The American Anti-Slavery Society (AASS) was an abolitionist society in the United States. AASS formed in 1833 in response to the nullification crisis and the failures of existing anti-slavery organizations, such as the American Colonization Society. AASS formally dissolved in 1870.

AASS was founded by William Lloyd Garrison and Arthur Tappan. Frederick Douglass, an escaped slave, had become a prominent abolitionist and was a key leader in AASS, who often spoke at its meetings. William Wells Brown, also a freedman, also often spoke at meetings. By 1838, AASS had 1,346 local chapters. In 1840, AASS claimed about 200,000 members.

Prominent members included Susan B. Anthony, Elizabeth Cady Stanton, Theodore Dwight Weld, Lewis Tappan, James G. Birney, Lydia Maria Child, Maria Weston Chapman, Nathan Lord, Augustine Clarke, Theodore S. Wright,
Samuel Cornish, George T. Downing, James Forten, Abby Kelley Foster, Stephen Symonds Foster, Henry Highland Garnet, Beriah Green, Lucretia Mott, Wendell Phillips, Robert Purvis, Charles Lenox Remond, Sarah Parker Remond, Lucy Stone, and John Greenleaf Whittier, among others.

== History ==

=== Background ===
By the 1820s, the controversy surrounding the Missouri Compromise had quieted considerably but was revived by a series of events, near the end of the decade. Serious debates over abolition took place in the Virginia legislature in 1829 and 1831. (See Thomas Roderick Dew#Pro-slavery advocate.) In the North, discussion began about the possibility of freeing slaves and "resettling" them in Africa (a proposal that, under the auspices of the American Colonization Society, led to the founding of Liberia).
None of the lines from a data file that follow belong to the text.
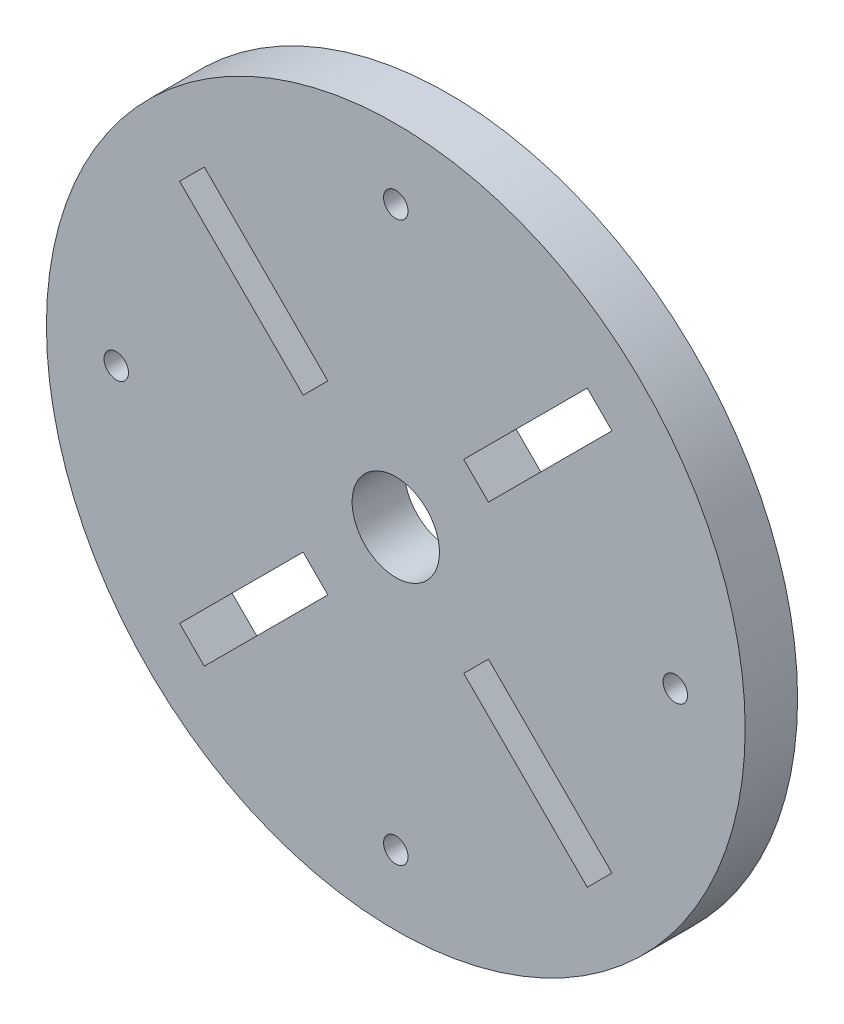
SolidWorks part; units mm, degrees
material "ﾊﾞﾙｻ"
ref_plane "正面" through (0, 0, 0) normal (0, 0, 1) x (1, 0, 0)
ref_plane "平面" through (0, 0, 0) normal (0, 1, 0) x (1, 0, 0)
ref_plane "右側面" through (0, 0, 0) normal (1, 0, 0) x (0, 0, -1)
sketch "ｽｹｯﾁ1" plane through (0, 0, 0) normal (0, 0, 1) x (1, 0, 0)
  line L0 (0, 0) -> (0, 27.1367) construction
  circle A0 centre (0, 0) radius 20
  dimension "D3" = 40
extrude "ﾎﾞｽ - 押し出し1" add sketch "ｽｹｯﾁ1" along normal blind 3
sketch "ｽｹｯﾁ2" plane through (0, 0, 3) normal (0, 0, 1) x (1, 0, 0)
  line L0 (0, 0) -> (0, 20.2138) construction
  circle A0 centre (0, 16) radius 0.7
  circle A1 centre (0, 0) radius 20 construction
  dimension "D1" = 1.4
  dimension "D2" = 16
extrude "ｶｯﾄ - 押し出し1" cut sketch "ｽｹｯﾁ2" against normal up to next (3 mm away)
pattern_circular "円形ﾊﾟﾀｰﾝ2" count 4 over 360 about axis through (0, 0, 0) along (0, 0, 1) of "ｶｯﾄ - 押し出し1"
sketch "ｽｹｯﾁ3" plane through (0, 0, 3) normal (0, 0, 1) x (1, 0, 0)
  line L0 (0, 0) -> (0, 5.4677) construction
  line L1 (0, 0) -> (13.9108, 13.9108) construction
  line L2 (11.3137, 7.7782) -> (7.7782, 11.3137)
  line L3 (7.7782, 11.3137) -> (4.9497, 8.4853)
  line L4 (4.9497, 8.4853) -> (8.4853, 4.9497)
  line L5 (0, 0) -> (5.4677, 0) construction
  line L6 (11.3137, 7.7782) -> (8.4853, 4.9497)
  point P10 (6.7175, 6.7175)
  point P11 (9.5459, 9.5459)
  dimension "D1" = 45
  dimension "D2" = 4
  dimension "D3" = 2.5
  dimension "D4" = 9.5
extrude "ｶｯﾄ - 押し出し2" [suppressed] cut sketch "ｽｹｯﾁ3" against normal up to next
pattern_circular "円形ﾊﾟﾀｰﾝ3" [suppressed] count 4 over 360
sketch "ｽｹｯﾁ4" plane through (0, 0, 3) normal (0, 0, 1) x (1, 0, 0)
  circle A0 centre (0, 0) radius 2.5
  dimension "D1" = 5
extrude "ｶｯﾄ - 押し出し3" cut sketch "ｽｹｯﾁ4" against normal blind 3
sketch "ｽｹｯﾁ5" plane through (0, 0, 3) normal (0, 0, 1) x (1, 0, 0)
  line L0 (0, 0) -> (4.5962, 4.5962) construction
  line L1 (4.5962, 4.5962) -> (3.8891, 5.3033)
  line L2 (3.8891, 5.3033) -> (10.9602, 12.3744)
  line L3 (10.9602, 12.3744) -> (12.3744, 10.9602)
  line L4 (12.3744, 10.9602) -> (5.3033, 3.8891)
  line L5 (5.3033, 3.8891) -> (4.5962, 4.5962)
  line L6 (0, 0) -> (9.4049, 0) construction
  circle A0 centre (0, 0) radius 2 construction
  point P10 (12.3777, 10.9568)
  dimension "D1" = 6.5
  dimension "D2" = 45
  dimension "D3" = 2
  dimension "D4" = 10
extrude "ｶｯﾄ - 押し出し4" cut sketch "ｽｹｯﾁ5" against normal up to next (3 mm away)
pattern_circular "円形ﾊﾟﾀｰﾝ4" count 4 over 360 about axis through (0, 0, 0) along (0, 0, 1) of "ｶｯﾄ - 押し出し4"

Agitation increased with the publication of David Walker's Appeal to the Colored Citizens of the World in 1829, Nat Turner's slave rebellion in 1831, and Andrew Jackson's handling of the nullification crisis that same year. According to Louis Ruchame,
The Turner rebellion was only one of about 200 slave uprisings between 1776 and 1860, but it was one of the bloodiest, and thus struck fear in the hearts of many white southerners. Nat Turner and more than 70 enslaved and free blacks spontaneously launched a rebellion in Southampton County, Virginia, in August 1831. They moved from farm to farm, indiscriminately killing whites along the way and picking up additional slaves. By the time the militia put down the insurrection, more than 80 slaves had joined the rebellion, and 60 whites lay dead. While the uprising led some Southerners to consider abolition, the reaction in all Southern states was to tighten the laws governing slave behavior.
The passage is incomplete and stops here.